WORK TO COMPLETE
Give the number of lines in the records that include the word "ModifiedMovingAverage", and nothing besides.

PROVIDED RECORDS
>>

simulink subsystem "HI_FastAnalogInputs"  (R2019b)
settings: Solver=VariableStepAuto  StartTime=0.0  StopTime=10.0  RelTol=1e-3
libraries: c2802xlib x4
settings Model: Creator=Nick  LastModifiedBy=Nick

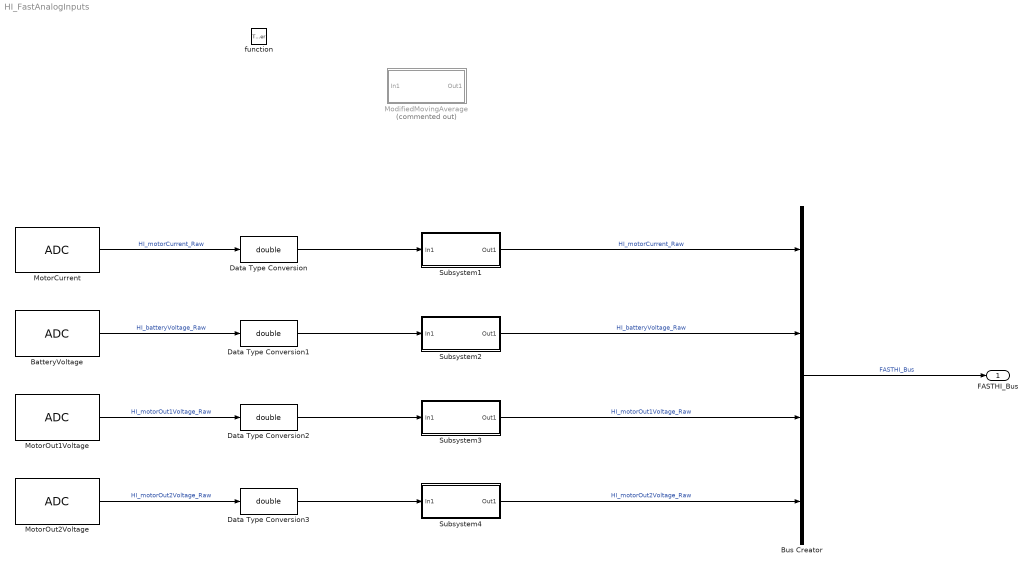
== system HI_FastAnalogInputs ==
  function : TriggerPort  TriggerType=function-call  VariantControl=Variant
  BatteryVoltage : c2802xlib/ADC  blkParamProc=C2000_Type4  ADCModule=B  samplingMode=Single sample mode  ADCResolution=12-bit (Single-ended input)  useSOC1=SOC3  useSOC2=SOC0_SOC1  SOCAcquisitionWindow=15  SOCTriggerSource=Software  SOCInterruptTrigger=No ADCINT  Ts=-1  dType=uint16  postInterrupt=off  interruptSel=ADCINT1  ADCINTContinuous=on  endma=off  chdma=1  conv1=ADCINA0  conv2=ADCINA0 and ADCINB0  conv1_Type4=ADCIN14  conv2_Type4=ADCIN0 and ADCIN1
      settings: SourceProductName=Embedded Coder Support Package for Texas Instruments C2000 Processors
  Bus Creator : BusCreator  Inputs=4
  Data Type Conversion{,1..3} (4 alike) : DataTypeConversion  OutDataTypeStr=double
  ModifiedMovingAverage : Subsystem  Commented=on
  MotorCurrent : c2802xlib/ADC  blkParamProc=C2000_Type4  ADCModule=B  samplingMode=Single sample mode  ADCResolution=12-bit (Single-ended input)  useSOC1=SOC2  useSOC2=SOC0_SOC1  SOCAcquisitionWindow=15  SOCTriggerSource=Software  SOCInterruptTrigger=No ADCINT  Ts=-1  dType=uint16  postInterrupt=off  interruptSel=ADCINT1  ADCINTContinuous=on  endma=off  chdma=1  conv1=ADCINA0  conv2=ADCINA0 and ADCINB0  conv1_Type4=ADCIN4  conv2_Type4=ADCIN0 and ADCIN1
      settings: SourceProductName=Embedded Coder Support Package for Texas Instruments C2000 Processors
  MotorOut1Voltage : c2802xlib/ADC  blkParamProc=C2000_Type4  ADCModule=B  samplingMode=Single sample mode  ADCResolution=12-bit (Single-ended input)  useSOC1=SOC0  useSOC2=SOC0_SOC1  SOCAcquisitionWindow=15  SOCTriggerSource=Software  SOCInterruptTrigger=No ADCINT  Ts=-1  dType=uint16  postInterrupt=off  interruptSel=ADCINT1  ADCINTContinuous=on  endma=off  chdma=1  conv1=ADCINA0  conv2=ADCINA0 and ADCINB0  conv1_Type4=ADCIN2  conv2_Type4=ADCIN0 and ADCIN1
      settings: SourceProductName=Embedded Coder Support Package for Texas Instruments C2000 Processors
  MotorOut2Voltage : c2802xlib/ADC  blkParamProc=C2000_Type4  ADCModule=B  samplingMode=Single sample mode  ADCResolution=12-bit (Single-ended input)  useSOC1=SOC1  useSOC2=SOC0_SOC1  SOCAcquisitionWindow=15  SOCTriggerSource=Software  SOCInterruptTrigger=No ADCINT  Ts=-1  dType=uint16  postInterrupt=off  interruptSel=ADCINT1  ADCINTContinuous=on  endma=off  chdma=1  conv1=ADCINA0  conv2=ADCINA0 and ADCINB0  conv1_Type4=ADCIN1  conv2_Type4=ADCIN0 and ADCIN1
      settings: SourceProductName=Embedded Coder Support Package for Texas Instruments C2000 Processors
  Subsystem1 : Subsystem
  Subsystem2 : Subsystem
  Subsystem3 : Subsystem
  Subsystem4 : Subsystem
  FASTHI_Bus : Outport
  wires:
  Bus Creator/1 -> FASTHI_Bus/1  "FASTHI_Bus"
  MotorOut2Voltage/1 -> Data Type Conversion3/1  "HI_motorOut2Voltage_Raw"
  MotorOut1Voltage/1 -> Data Type Conversion2/1  "HI_motorOut1Voltage_Raw"
  BatteryVoltage/1 -> Data Type Conversion1/1  "HI_batteryVoltage_Raw"
  MotorCurrent/1 -> Data Type Conversion/1  "HI_motorCurrent_Raw"
  Subsystem1/1(Out1) -> Bus Creator/1  "HI_motorCurrent_Raw"
  Subsystem2/1(Out1) -> Bus Creator/2  "HI_batteryVoltage_Raw"
  Subsystem3/1(Out1) -> Bus Creator/3  "HI_motorOut1Voltage_Raw"
  Subsystem4/1(Out1) -> Bus Creator/4  "HI_motorOut2Voltage_Raw"
  Data Type Conversion/1 -> Subsystem1/1(In1)
  Data Type Conversion1/1 -> Subsystem2/1(In1)
  Data Type Conversion2/1 -> Subsystem3/1(In1)
  Data Type Conversion3/1 -> Subsystem4/1(In1)

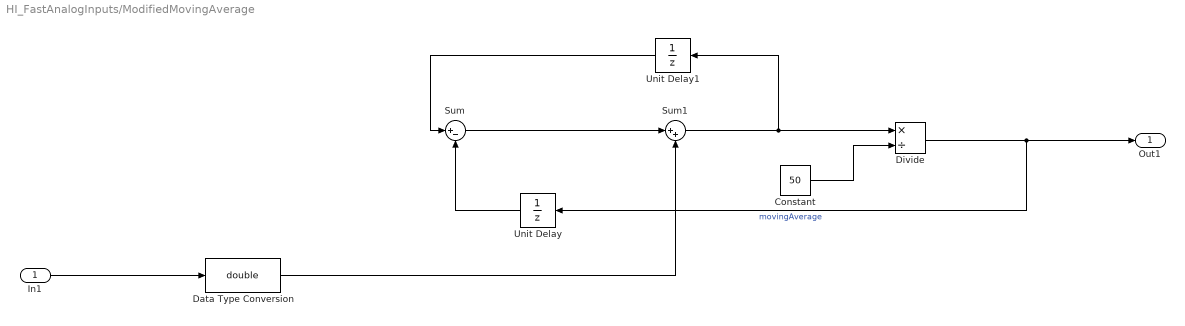
== system HI_FastAnalogInputs/ModifiedMovingAverage ==
  In1 : Inport
  Constant : Constant  Value=50
  Data Type Conversion : DataTypeConversion  OutDataTypeStr=double
  Divide : Product  Inputs=*/
  Sum : Sum  Inputs=|+-
  Sum1 : Sum  Inputs=|++
  Unit Delay : UnitDelay  SampleTime=-1  HasFrameUpgradeWarning=on
  Unit Delay1 : UnitDelay  SampleTime=-1  HasFrameUpgradeWarning=on
  Out1 : Outport
  wires:
  Unit Delay/1 -> Sum/2
  Unit Delay1/1 -> Sum/1
  Divide/1 -> Out1/1, Unit Delay/1  "movingAverage"
  Constant/1 -> Divide/2
  Sum1/1 -> Divide/1, Unit Delay1/1
  Sum/1 -> Sum1/1
  Data Type Conversion/1 -> Sum1/2
  In1/1 -> Data Type Conversion/1

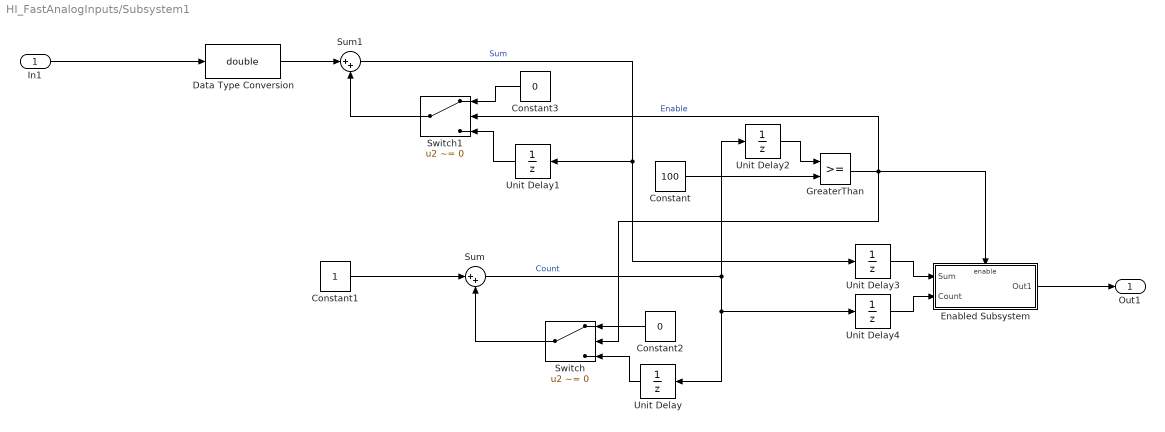
== system HI_FastAnalogInputs/Subsystem1 ==
  In1 : Inport
  Constant : Constant  Value=100
  Constant1 : Constant
  Constant2 : Constant  Value=0
  Constant3 : Constant  Value=0
  Data Type Conversion : DataTypeConversion  OutDataTypeStr=double
  Enabled Subsystem : Subsystem  TreatAsAtomicUnit=on
  GreaterThan : RelationalOperator  OutDataTypeStr=boolean  RndMeth=Simplest
  Sum : Sum  Inputs=|++
  Sum1 : Sum  Inputs=|++
  Switch : Switch  Criteria=u2 ~= 0  Threshold=50
  Switch1 : Switch  Criteria=u2 ~= 0  Threshold=50
  Unit Delay{,1..4} (5 alike) : UnitDelay  SampleTime=-1  HasFrameUpgradeWarning=on
  Out1 : Outport
  wires:
  Unit Delay3/1 -> Enabled Subsystem/1(Sum)
  Unit Delay4/1 -> Enabled Subsystem/2(Count)
  Unit Delay2/1 -> GreaterThan/1
  Switch1/1 -> Sum1/2
  Constant3/1 -> Switch1/1
  Unit Delay1/1 -> Switch1/3
  Data Type Conversion/1 -> Sum1/1
  Switch/1 -> Sum/2
  Constant2/1 -> Switch/1
  Unit Delay/1 -> Switch/3
  Constant1/1 -> Sum/1
  GreaterThan/1 -> Enabled Subsystem/Enable, Switch/2, Switch1/2  "Enable"
  Sum/1 -> Unit Delay2/1, Unit Delay/1, Unit Delay4/1  "Count"
  Sum1/1 -> Unit Delay1/1, Unit Delay3/1  "Sum"
  Constant/1 -> GreaterThan/2
  Enabled Subsystem/1(Out1) -> Out1/1
  In1/1 -> Data Type Conversion/1

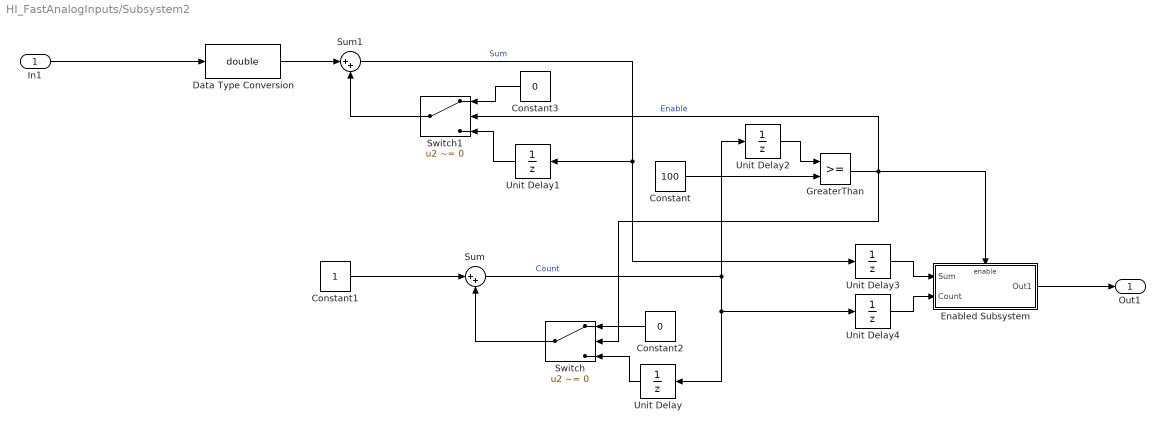
== system HI_FastAnalogInputs/Subsystem2 ==
  In1 : Inport
  Constant : Constant  Value=100
  Constant1 : Constant
  Constant2 : Constant  Value=0
  Constant3 : Constant  Value=0
  Data Type Conversion : DataTypeConversion  OutDataTypeStr=double
  Enabled Subsystem : Subsystem  TreatAsAtomicUnit=on
  GreaterThan : RelationalOperator  OutDataTypeStr=boolean  RndMeth=Simplest
  Sum : Sum  Inputs=|++
  Sum1 : Sum  Inputs=|++
  Switch : Switch  Criteria=u2 ~= 0  Threshold=50
  Switch1 : Switch  Criteria=u2 ~= 0  Threshold=50
  Unit Delay{,1..4} (5 alike) : UnitDelay  SampleTime=-1  HasFrameUpgradeWarning=on
  Out1 : Outport
  wires:
  Unit Delay3/1 -> Enabled Subsystem/1(Sum)
  Unit Delay4/1 -> Enabled Subsystem/2(Count)
  Unit Delay2/1 -> GreaterThan/1
  Switch1/1 -> Sum1/2
  Constant3/1 -> Switch1/1
  Unit Delay1/1 -> Switch1/3
  Data Type Conversion/1 -> Sum1/1
  Switch/1 -> Sum/2
  Constant2/1 -> Switch/1
  Unit Delay/1 -> Switch/3
  Constant1/1 -> Sum/1
  GreaterThan/1 -> Enabled Subsystem/Enable, Switch/2, Switch1/2  "Enable"
  Sum/1 -> Unit Delay2/1, Unit Delay/1, Unit Delay4/1  "Count"
  Sum1/1 -> Unit Delay1/1, Unit Delay3/1  "Sum"
  Constant/1 -> GreaterThan/2
  Enabled Subsystem/1(Out1) -> Out1/1
  In1/1 -> Data Type Conversion/1

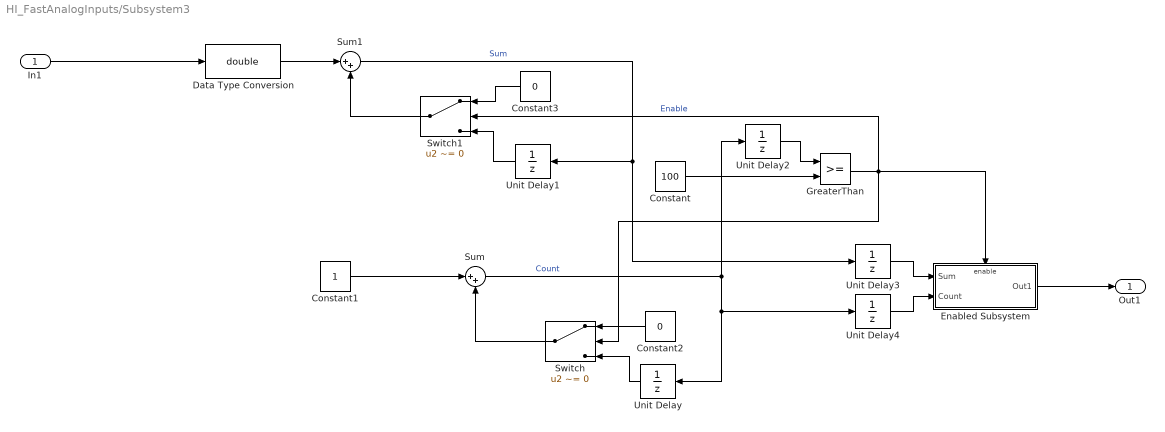
== system HI_FastAnalogInputs/Subsystem3 ==
  In1 : Inport
  Constant : Constant  Value=100
  Constant1 : Constant
  Constant2 : Constant  Value=0
  Constant3 : Constant  Value=0
  Data Type Conversion : DataTypeConversion  OutDataTypeStr=double
  Enabled Subsystem : Subsystem  TreatAsAtomicUnit=on
  GreaterThan : RelationalOperator  OutDataTypeStr=boolean  RndMeth=Simplest
  Sum : Sum  Inputs=|++
  Sum1 : Sum  Inputs=|++
  Switch : Switch  Criteria=u2 ~= 0  Threshold=50
  Switch1 : Switch  Criteria=u2 ~= 0  Threshold=50
  Unit Delay{,1..4} (5 alike) : UnitDelay  SampleTime=-1  HasFrameUpgradeWarning=on
  Out1 : Outport
  wires:
  Unit Delay3/1 -> Enabled Subsystem/1(Sum)
  Unit Delay4/1 -> Enabled Subsystem/2(Count)
  Unit Delay2/1 -> GreaterThan/1
  Switch1/1 -> Sum1/2
  Constant3/1 -> Switch1/1
  Unit Delay1/1 -> Switch1/3
  Data Type Conversion/1 -> Sum1/1
  Switch/1 -> Sum/2
  Constant2/1 -> Switch/1
  Unit Delay/1 -> Switch/3
  Constant1/1 -> Sum/1
  GreaterThan/1 -> Enabled Subsystem/Enable, Switch/2, Switch1/2  "Enable"
  Sum/1 -> Unit Delay2/1, Unit Delay/1, Unit Delay4/1  "Count"
  Sum1/1 -> Unit Delay1/1, Unit Delay3/1  "Sum"
  Constant/1 -> GreaterThan/2
  Enabled Subsystem/1(Out1) -> Out1/1
  In1/1 -> Data Type Conversion/1

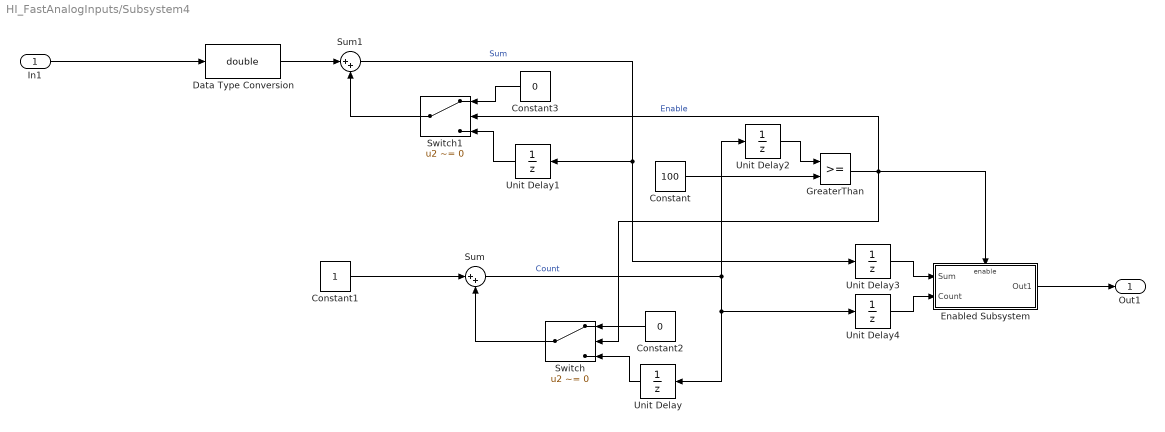
== system HI_FastAnalogInputs/Subsystem4 ==
  In1 : Inport
  Constant : Constant  Value=100
  Constant1 : Constant
  Constant2 : Constant  Value=0
  Constant3 : Constant  Value=0
  Data Type Conversion : DataTypeConversion  OutDataTypeStr=double
  Enabled Subsystem : Subsystem  TreatAsAtomicUnit=on
  GreaterThan : RelationalOperator  OutDataTypeStr=boolean  RndMeth=Simplest
  Sum : Sum  Inputs=|++
  Sum1 : Sum  Inputs=|++
  Switch : Switch  Criteria=u2 ~= 0  Threshold=50
  Switch1 : Switch  Criteria=u2 ~= 0  Threshold=50
  Unit Delay{,1..4} (5 alike) : UnitDelay  SampleTime=-1  HasFrameUpgradeWarning=on
  Out1 : Outport
  wires:
  Unit Delay3/1 -> Enabled Subsystem/1(Sum)
  Unit Delay4/1 -> Enabled Subsystem/2(Count)
  Unit Delay2/1 -> GreaterThan/1
  Switch1/1 -> Sum1/2
  Constant3/1 -> Switch1/1
  Unit Delay1/1 -> Switch1/3
  Data Type Conversion/1 -> Sum1/1
  Switch/1 -> Sum/2
  Constant2/1 -> Switch/1
  Unit Delay/1 -> Switch/3
  Constant1/1 -> Sum/1
  GreaterThan/1 -> Enabled Subsystem/Enable, Switch/2, Switch1/2  "Enable"
  Sum/1 -> Unit Delay2/1, Unit Delay/1, Unit Delay4/1  "Count"
  Sum1/1 -> Unit Delay1/1, Unit Delay3/1  "Sum"
  Constant/1 -> GreaterThan/2
  Enabled Subsystem/1(Out1) -> Out1/1
  In1/1 -> Data Type Conversion/1

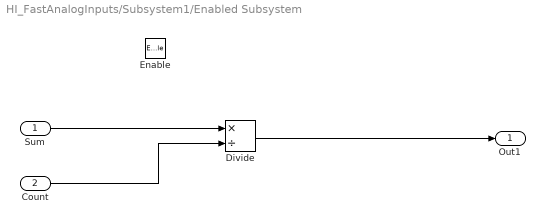
== system HI_FastAnalogInputs/Subsystem1/Enabled Subsystem ==
  Sum : Inport
  Count : Inport  Port=2
  Enable : EnablePort
  Divide : Product  Inputs=*/
  Out1 : Outport
  wires:
  Divide/1 -> Out1/1
  Count/1 -> Divide/2
  Sum/1 -> Divide/1

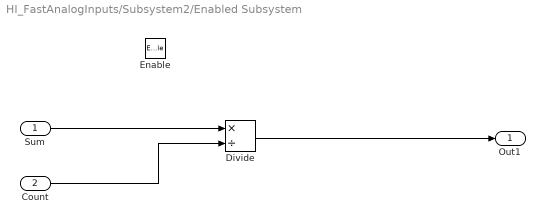
== system HI_FastAnalogInputs/Subsystem2/Enabled Subsystem ==
  Sum : Inport
  Count : Inport  Port=2
  Enable : EnablePort
  Divide : Product  Inputs=*/
  Out1 : Outport
  wires:
  Divide/1 -> Out1/1
  Count/1 -> Divide/2
  Sum/1 -> Divide/1

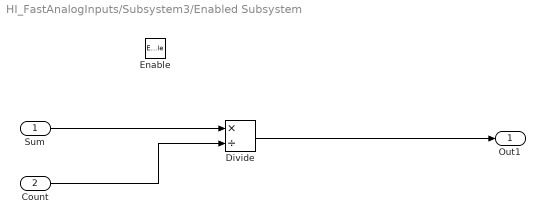
== system HI_FastAnalogInputs/Subsystem3/Enabled Subsystem ==
  Sum : Inport
  Count : Inport  Port=2
  Enable : EnablePort
  Divide : Product  Inputs=*/
  Out1 : Outport
  wires:
  Divide/1 -> Out1/1
  Count/1 -> Divide/2
  Sum/1 -> Divide/1

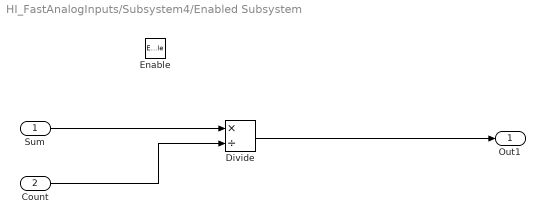
== system HI_FastAnalogInputs/Subsystem4/Enabled Subsystem ==
  Sum : Inport
  Count : Inport  Port=2
  Enable : EnablePort
  Divide : Product  Inputs=*/
  Out1 : Outport
  wires:
  Divide/1 -> Out1/1
  Count/1 -> Divide/2
  Sum/1 -> Divide/1

<<

FINAL ANSWER
2